Today, Honda and Nissan are discussing merger to fight the EV battle. Both are now losing big money, and they assume that coming together will give them a better chance of survival. Mitsubishi is also figuring in the merger. Mergers seldom achieve much success as different ways and systems do not always fit well together but let us wait and see. Will two negatives make a positive? I am not too sure.
Stellantis is one example of mergers that can still run into problems and is not doing well at all. Volkswagen is another grouping of big mergers, having big problems and closing factories. Are these not lessons to be learnt? Got eyes no see says Virgo.
Anonymous
2 comments:
Merging and hoping to win the EV war is already a lost cause. Japanese carmakers are making cars using expensive imported energy, high labor costs and a dwindling Chinese market. This is made worse by the falling Japanese Yen, which means imported energy cost are also escalating.
Japanese cars are also not going to sell well in the Global South countries competing with China. They will have to sell their cars at huge losses. Does that make any difference with what they are going through today?
Merger may allow the cutting of some jobs, sharing of machinery and savings on wages to cut cost. If that is the intention, why not do it separately, which achieves the same objective. Or is the move just to make the Chinese EV makers shiver in their pants by creating another mega car maker? Just look at Volkswagen and learn its lesson first. The Germans are as innovative as the Japanese and yet find it extremely difficult to compete globally, having to close factories. It was a hard pill to swallow. Big and intimidating means nothing but being competitive is something. And who can compete with Chinese EV makers in terms of pricing? China has the cheap energy, the supply chain, the head-start and innovative ideas and above all the market to boast of.
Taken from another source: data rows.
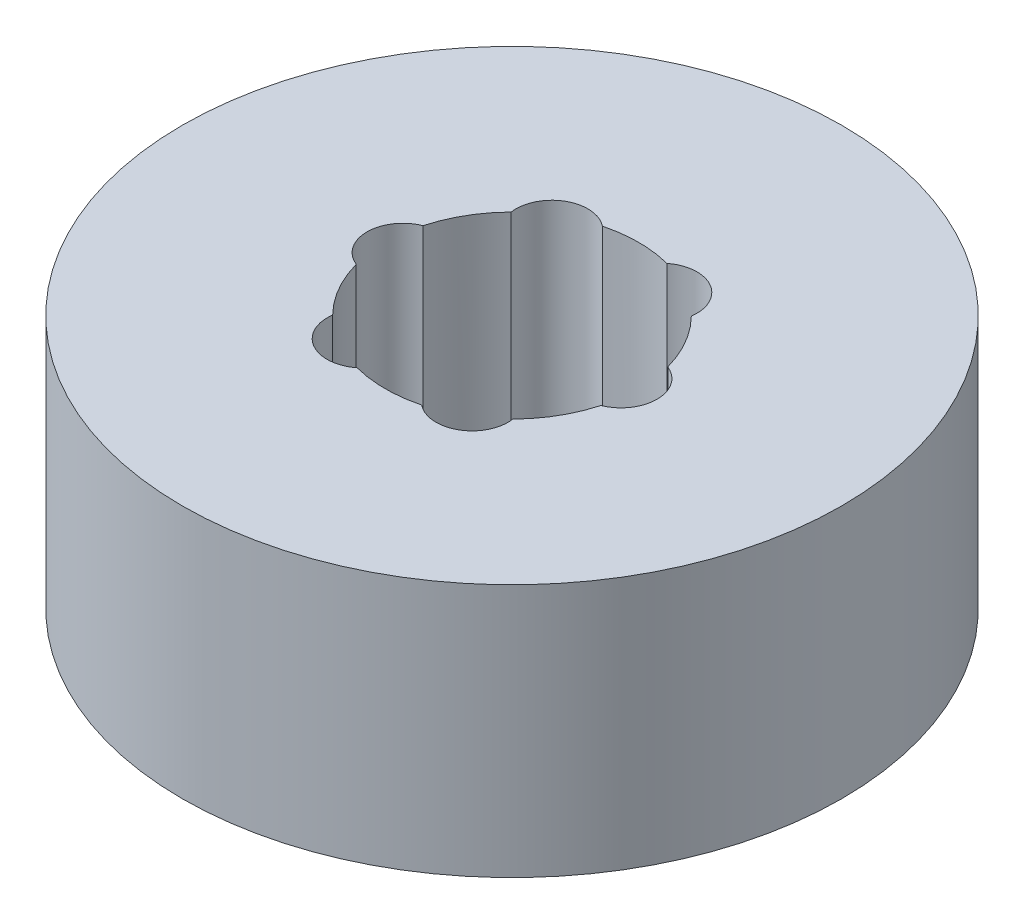
from build123d import *

# Parameters (mm, degrees)
SKETCH1_R           = 32.5
BOSS_EXTRUDE1_DEPTH = 25
SKETCH2_R           = 12.5
CUT_EXTRUDE1_DEPTH  = 53.321123841
SKETCH3_R           = 3.545473372
CUT_EXTRUDE2_DEPTH  = 19.207201728
CIRPATTERN1_COUNT   = 6


with BuildPart() as part:
    # Sketch1 → Boss-Extrude1 (new body)
    with BuildSketch(Plane(origin=(0, 0, 0), x_dir=(1, 0, 0), z_dir=(0, 1, 0))):
        Circle(SKETCH1_R)
    extrude(amount=BOSS_EXTRUDE1_DEPTH)

    # Sketch2 → Cut-Extrude1 (cut, through all)
    with BuildSketch(Plane(origin=(0, 0, 0), x_dir=(1, 0, 0), z_dir=(0, 1, 0))):
        Circle(SKETCH2_R)
    extrude(amount=CUT_EXTRUDE1_DEPTH, mode=Mode.SUBTRACT)

    # Sketch3 → Cut-Extrude2 (cut)
    with BuildSketch(Plane(origin=(0, 25, 0), x_dir=(1, 0, 0), z_dir=(0, 1, 0))):
        with Locations((-10.749796291, 0)):
            Circle(SKETCH3_R)
    cut_extrude2 = extrude(amount=-CUT_EXTRUDE2_DEPTH, mode=Mode.SUBTRACT)

    # CirPattern1: Cut-Extrude2 ×6 about axis
    cirpattern1_axis = Axis((0, 0, 0), (0, 1, 0))
    for i in range(1, CIRPATTERN1_COUNT):
        add(cut_extrude2.rotate(cirpattern1_axis, i * 360 / CIRPATTERN1_COUNT), mode=Mode.SUBTRACT)


solid = part.part

I think China has the best of both worlds. The ability to leverage on its over-capacity and the advantage of having a ready big domestic market to compete in are what makes China unique. Where else and who has that kind of advantage to speak off. Those that have the capacity to produce lacks the domestic market to sell to and have to rely on exporting. And which is the biggest market for most of their products? China of course.
Inbreeding does not produce better offsprings.